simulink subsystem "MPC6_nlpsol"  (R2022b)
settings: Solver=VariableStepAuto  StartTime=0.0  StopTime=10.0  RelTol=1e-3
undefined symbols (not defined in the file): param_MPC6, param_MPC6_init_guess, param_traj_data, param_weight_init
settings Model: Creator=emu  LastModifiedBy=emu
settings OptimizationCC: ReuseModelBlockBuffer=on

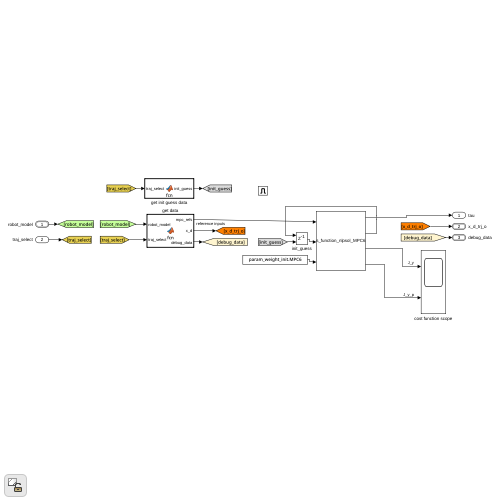
[thumbnail: Simulink's stored preview of the top-level diagram]
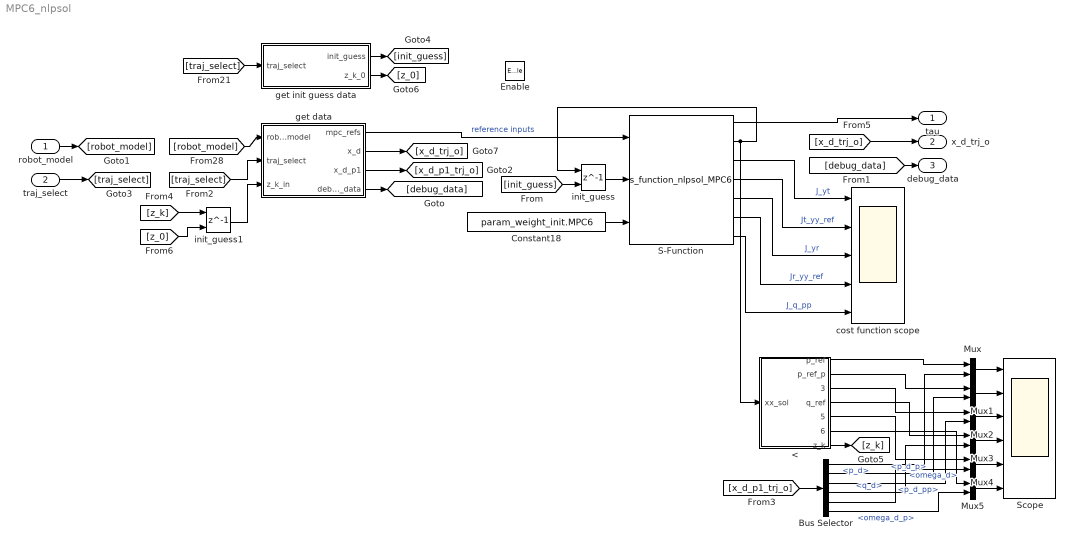
== system MPC6_nlpsol ==
  robot_model : Inport  OutDataTypeStr=Bus: robot_model
  traj_select : Inport  Port=2
  Enable : EnablePort
  < : MATLAB Function  TreatAsAtomicUnit=on
  Bus Selector : BusSelector  OutputSignals=p_d,p_d_p,p_d_pp,q_d,omega_d,omega_d_p
  Constant18 : Constant  Value=param_weight_init.MPC6  VectorParams1D=off
  Mux{,1..5} (6 alike) : Mux  Inputs=2
  S-Function : S-Function  FunctionName=s_function_nlpsol_MPC6  Parameters='s_functions/fr3_6dof/MPC6.casadi', 'MPC6'  SFunctionModules='MPC6'  SFunctionDeploymentMode=off  EnableBusSupport=off
  Scope : Scope  NumInputPorts=6
  cost function scope : Scope  NumInputPorts=5
  get data : MATLAB Function  TreatAsAtomicUnit=on
  get init guess data : MATLAB Function  TreatAsAtomicUnit=on
  init_guess : Delay  DelayLength=1  InitialConditionSource=Input port  InitialCondition=1
      settings: InputPortMap=u0,p4
  init_guess1 : Delay  DelayLength=1  InitialConditionSource=Input port  InitialCondition=1
      settings: InputPortMap=u0,p4
  tau : Outport
  x_d_trj_o : Outport  Port=2  OutDataTypeStr=Bus: x_d
  debug_data : Outport  Port=3  OutDataTypeStr=Bus: debug_data_bus
  wires:
  get init guess data/2(z_k_0) -> [z_0]
  [z_0] -> init_guess1/2
  init_guess1/1 -> get data/3(z_k_in)
  [z_k] -> init_guess1/1
  </7(z_k) -> [z_k]
  get data/3(x_d_p1) -> [x_d_p1_trj_o]
  Bus Selector/6 -> Mux5/2  "<omega_d_p>"
  </6(omega_ref_p) -> Mux5/1
  Bus Selector/5 -> Mux4/2  "<omega_d>"
  </5(omega_ref) -> Mux4/1
  Bus Selector/4 -> Mux3/2  "<q_d>"
  </4(q_ref) -> Mux3/1
  Bus Selector/3 -> Mux2/2  "<p_d_pp>"
  </3(p_ref_pp) -> Mux2/1
  Bus Selector/2 -> Mux1/2  "<p_d_p>"
  </2(p_ref_p) -> Mux1/1
  Bus Selector/1 -> Mux/2  "<p_d>"
  </1(p_ref) -> Mux/1
  Mux5/1 -> Scope/6
  Mux4/1 -> Scope/5
  Mux3/1 -> Scope/4
  Mux2/1 -> Scope/3
  Mux1/1 -> Scope/2
  Mux/1 -> Scope/1
  [x_d_p1_trj_o] -> Bus Selector/1
  S-Function/7 -> cost function scope/5  "J_q_pp"
  S-Function/6 -> cost function scope/4  "Jr_yy_ref"
  S-Function/4 -> cost function scope/2  "Jt_yy_ref"
  S-Function/5 -> cost function scope/3  "J_yr"
  Constant18/1 -> S-Function/3
  S-Function/3 -> cost function scope/1  "J_yt"
  [x_d_trj_o] -> x_d_trj_o/1
  robot_model/1 -> [robot_model]
  get data/4(debug_data) -> [debug_data]
  get data/2(x_d) -> [x_d_trj_o]
  S-Function/1 -> tau/1
  traj_select/1 -> [traj_select]
  [traj_select] -> get init guess data/1(traj_select)
  get data/1(mpc_refs) -> S-Function/1  "reference inputs"
  init_guess/1 -> S-Function/2
  [debug_data] -> debug_data/1
  S-Function/2 -> init_guess/1, </1(xx_sol)
  [robot_model] -> get data/1(robot_model)
  [traj_select] -> get data/2(traj_select)
  get init guess data/1(init_guess) -> [init_guess]
  [init_guess] -> init_guess/2

== matlab function MPC6_nlpsol/get data ==
  settings: updateMethod=DISCRETE  sampleTime=param_global.Ta
  data: mpc_refs output; robot_model input Bus: robot_model; param_MPC6 parameter; x_d output Bus: x_d; x_d_p1 output Bus: x_d; debug_data output Bus: debug_data_bus; param_traj_data parameter; traj_select input; z_k_in input
function [mpc_refs, x_d, x_d_p1, debug_data] = fcn(robot_model, param_MPC6, param_traj_data, traj_select, z_k_in)
persistent cnt;

if(isempty(cnt))
    cnt = 1;
end

param_MPC = param_MPC6;
N         = param_MPC.N;
N_step    = param_MPC.N_step;

% Parameters
q    = robot_model.q;      % generalized coordinates
q_p  = robot_model.q_p;  % time derivative of generalized coordinates
q_pp = robot_model.q_pp;
H    = robot_model.H;
J    = robot_model.J;
J_p  = robot_model.J_p;

R = H(1:3,1:3);% desired Orientation as rotational matrix
R_d = param_traj_data.R_d(:,:, cnt, traj_select);
q_d = param_traj_data.q_d(:, cnt, traj_select);

%y_q_err = quat_mult(y_q_e, quat_inv(param_traj_data.q_d(1:4, cnt, traj_select)));
q_err = rotation2quaternion(R*R_d');
%y_q_e = rotation2quaternion(R);
q_e = quat_mult(q_d, q_err);

% Current Pose of Endeffector
y = [H(1:3,4); q_e];
y_p = J*q_p;
y_pp = J*q_pp + J_p*q_p;



x_k = [q;q_p];

% Assemble vector of recieved output measurements
p_d    = param_traj_data.p_d(   1:3, cnt : N_step : cnt + (N)*N_step, traj_select);
p_d_p  = param_traj_data.p_d_p( 1:3, cnt : N_step : cnt + (N)*N_step, traj_select);
p_d_pp = param_traj_data.p_d_pp(1:3, cnt : N_step : cnt + (N)*N_step, traj_select);

% RPY XYZ angles
Phi_d = param_traj_data.Phi_d(      1:3, cnt : N_step : cnt + (N) * N_step, traj_select ); % (Phi_0 ... Phi_N)
Phi_d_p = param_traj_data.Phi_d_p(  1:3, cnt : N_step : cnt + (N) * N_step, traj_select ); % (Phi_p_0 ... Phi_p_N)
Phi_d_pp = param_traj_data.Phi_d_pp(1:3, cnt : N_step : cnt + (N) * N_step, traj_select ); % (Phi_pp_0 ... Phi_pp_N)

q_d    = param_traj_data.q_d(      1:4, cnt : N_step : cnt + (N)*N_step, traj_select);
q_d_p  = param_traj_data.q_d_p(    1:4, cnt : N_step : cnt + (N)*N_step, traj_select);
q_d_pp = param_traj_data.q_d_pp(   1:4, cnt : N_step : cnt + (N)*N_step, traj_select);

omega_d   = param_traj_data.omega_d(  1:3, cnt : N_step : cnt + (N)*N_step, traj_select);
omega_d_p = param_traj_data.omega_d_p(1:3, cnt : N_step : cnt + (N)*N_step, traj_select);

alpha_d    = param_traj_data.alpha_d(           :, cnt : N_step : cnt + (N)*N_step, traj_select);
alpha_d_p  = param_traj_data.alpha_d_p(         :, cnt : N_step : cnt + (N)*N_step, traj_select);
alpha_d_pp = param_traj_data.alpha_d_pp(        :, cnt : N_step : cnt + (N)*N_step, traj_select);
rot_ax_d   = param_traj_data.rot_ax_d(          :, cnt : N_step : cnt + (N)*N_step, traj_select);
alpha_d_offset = param_traj_data.alpha_d_offset(:, cnt : N_step : cnt + (N)*N_step, traj_select);
q_d_rel = param_traj_data.q_d_rel(              :, cnt : N_step : cnt + (N)*N_step, traj_select);


alpha_var = 4;
if(alpha_var == 1) % only alpha ref with fixed rot ax
    y_d = [p_d; alpha_d; rot_ax_d; alpha_d_offset; q_d_rel];
    y_d_p = [p_d_p; alpha_d_p];
    y_d_pp = [p_d_pp; alpha_d_pp];
    z_k = [y_d(1:3,1); y_d_p(1:3,1); y_d(4,1); y_d_p(4,1)]; % [p_d_0; p_d_p_0; alpha_d_0; alpha_d_p_0]
elseif(alpha_var == 2) % full quat_ref, quat_p_ref, quat_pp_ref integration
    y_d = [p_d; q_d];
    y_d_p = [p_d_p; q_d_p];
    y_d_pp = [p_d_pp; q_d_pp];
    z_k = [y_d(1:3,1); y_d_p(1:3,1); y_d(4:7,1); y_d_p(4:7,1);]; % p_d_0, q_d_0, p_d_p_0, q_d_p_0
elseif(alpha_var == 3) %alpha == 3: euler angles ref
    y_d = [p_d; Phi_d];
    y_d_p = [p_d_p; Phi_d_p];
    y_d_pp = [p_d_pp; Phi_d_pp];
    z_k = [y_d(1:3,1); y_d_p(1:3,1); y_d(4:6,1); y_d_p(4:6,1);]; % p_d_0, q_d_0, p_d_p_0, q_d_p_0
else  %alpha == 4: quat omega ref
    y_d = [p_d; q_d];
    y_d_p = [p_d_p; omega_d];
    y_d_pp = [p_d_pp; omega_d_p];
    z_k = [y_d(1:3,1); y_d_p(1:3,1); y_d(4:7,1); y_d_p(4:6,1);]; % p_d_0, q_d_0, p_d_p_0, q_d_p_0
    %z_k = [y(1:3); y_p(1:3); rotation2quaternion(R); y_p(4:6);];
    %z_k = z_k_in;
end



%% Reference out
% z_0_0 = [p_d_0(:,1); q_d_0(:,1); p_d_p_0(:,1); omega_d_0(:,1)]
% z_d_init_guess_0 = [p_d_0; q_d_0; p_p_d_0; omega_d_0];
% mpc_init_reference_values = [x_0_0(:); z_0_0(:); z_d_init_guess_0(:)];

mpc_refs = [x_k(:); z_k(:); y_d(:); y_d_p(:); y_d_pp(:)];
%mpc_refs = [x_k(:); y_d(:); y_d_p(:); y_d_pp(:)];

%mpc_refs = [x_k(:); y_d(:)];
%mpc_refs = [x_k(:); Phi_d_traj(:)];

%% TRAJECTORY OUT
x_d.p_d       = param_traj_data.p_d(1:3, cnt , traj_select);    %y0
x_d.p_d_p     = param_traj_data.p_d_p(1:3, cnt , traj_select);  %y0p
x_d.p_d_pp    = param_traj_data.p_d_pp(1:3, cnt , traj_select); %y0pp
x_d.Phi_d     = param_traj_data.Phi_d(:, cnt , traj_select);
x_d.Phi_d_p   = param_traj_data.Phi_d_p(:, cnt, traj_select);
x_d.Phi_d_pp  = param_traj_data.Phi_d_pp(:,cnt, traj_select);
x_d.R_d       = R_d;
x_d.q_d       = q_d(1:4, 1);
x_d.q_d_p     = param_traj_data.q_d_p(1:4, cnt, traj_select);
x_d.q_d_pp    = param_traj_data.q_d_pp(1:4, cnt, traj_select);
x_d.omega_d   = omega_d(1:3, 1);
x_d.omega_d_p = omega_d_p(1:3, 1);
x_d.alpha_d    = alpha_d(:, 1);
x_d.alpha_d_p  = alpha_d_p(:, 1);
x_d.alpha_d_pp = alpha_d_pp(:, 1);
x_d.rot_ax_d   = rot_ax_d(:, 1);
x_d.alpha_d_offset = alpha_d_offset(:, 1);
x_d.q_d_rel = q_d_rel(:, 1);

%% TRAJECTORYp1 OUT
x_d_p1.p_d       = param_traj_data.p_d(1:3, cnt+1 , traj_select);    %y0
x_d_p1.p_d_p     = param_traj_data.p_d_p(1:3, cnt+1 , traj_select);  %y0p
x_d_p1.p_d_pp    = param_traj_data.p_d_pp(1:3, cnt+1 , traj_select); %y0pp
x_d_p1.Phi_d     = param_traj_data.Phi_d(:, cnt+1 , traj_select);
x_d_p1.Phi_d_p   = param_traj_data.Phi_d_p(:, cnt+1, traj_select);
x_d_p1.Phi_d_pp  = param_traj_data.Phi_d_pp(:,cnt+1, traj_select);
x_d_p1.R_d       = R_d;
x_d_p1.q_d       = q_d(1:4, 2);
x_d_p1.q_d_p     = param_traj_data.q_d_p(1:4, cnt+1, traj_select);
x_d_p1.q_d_pp    = param_traj_data.q_d_pp(1:4, cnt+1, traj_select);
x_d_p1.omega_d   = omega_d(1:3, 2);
x_d_p1.omega_d_p = omega_d_p(1:3, 2);
x_d_p1.alpha_d    = alpha_d(:, 2);
x_d_p1.alpha_d_p  = alpha_d_p(:, 2);
x_d_p1.alpha_d_pp = alpha_d_pp(:, 2);
x_d_p1.rot_ax_d   = rot_ax_d(:, 2);
x_d_p1.alpha_d_offset = alpha_d_offset(:, 2);
x_d_p1.q_d_rel = q_d_rel(:, 2);

%% DEBUG
debug_data.p           = y(1:3);
debug_data.p_p         = y_p(1:3);
debug_data.p_pp        = y_pp(1:3);
debug_data.Phi     = rotm2eul_v2(R);
debug_data.Phi_p   = [0; 0; 0]; % ??????
debug_data.Phi_pp  = [0; 0; 0]; % ??????
debug_data.q           = y(4:7);
debug_data.omega       = y_p(4:6);
debug_data.omega_p     = y_pp(4:6);
debug_data.p_err       = y(1:3) - param_traj_data.p_d(:, cnt, traj_select);
debug_data.p_p_err     = y_p(1:3) - param_traj_data.p_d_p(:, cnt, traj_select);
debug_data.p_pp_err    = y_pp(1:3) - param_traj_data.p_d_pp(:, cnt, traj_select);
debug_data.q_err       = q_err;
debug_data.omega_err   = y_p(4:6)  - omega_d(1:3, 1);
debug_data.omega_p_err = y_pp(4:6) - omega_d_p(1:3, 1);

cnt = cnt+1;

== matlab function MPC6_nlpsol/get init guess data ==
  data: traj_select input; param_MPC6_init_guess parameter; init_guess output; param_traj_data parameter; z_k_0 output
function [init_guess, z_k_0]  = fcn(traj_select, param_MPC6_init_guess, param_traj_data)

%init_guess = param_MPC6_init_guess.init_guess(1,:);
init_guess = param_MPC6_init_guess.init_guess(traj_select,:);

p_d    = param_traj_data.p_d(   1:3, 1, traj_select);
p_d_p  = param_traj_data.p_d_p( 1:3, 1, traj_select);

q_d    = param_traj_data.q_d(      1:4, 1, traj_select);
omega_d   = param_traj_data.omega_d(  1:3, 1, traj_select);
z_k_0 = [p_d; p_d_p; q_d; omega_d];

== matlab function MPC6_nlpsol/< ==
  data: xx_sol input; p_ref output; param_MPC6 parameter; p_ref_p output; p_ref_pp output; q_ref output; omega_ref output; omega_ref_p output; z_k output
function [p_ref, p_ref_p, p_ref_pp, q_ref, omega_ref, omega_ref_p, z_k] = fcn(xx_sol, param_MPC6)

param_MPC = param_MPC6;

pp_indices = param_MPC.pp;
pp_dim = param_MPC.pp_dim;

rr_indices = param_MPC.rr;
rr_dim = param_MPC.rr_dim;

pp = reshape(xx_sol(pp_indices), pp_dim);
rr = reshape(xx_sol(rr_indices), rr_dim);

p_ref = pp(1:3, 1 + (1));
p_ref_p = pp(4:6, 1 + (1));
p_ref_pp = pp(7:9, 1 + (1));

q_ref = rr(1:4, 1 + (1));
omega_ref = rr(5:7, 1 + (1));
omega_ref_p = rr(8:10, 1 + (1));

z_k = [p_ref; p_ref_p; q_ref; omega_ref];

Brief >> Find the lines above that hold "settings", then copy each of them.

Expected answer >>
settings: Solver=VariableStepAuto  StartTime=0.0  StopTime=10.0  RelTol=1e-3
settings Model: Creator=emu  LastModifiedBy=emu
settings OptimizationCC: ReuseModelBlockBuffer=on
      settings: InputPortMap=u0,p4
      settings: InputPortMap=u0,p4
  settings: updateMethod=DISCRETE  sampleTime=param_global.Ta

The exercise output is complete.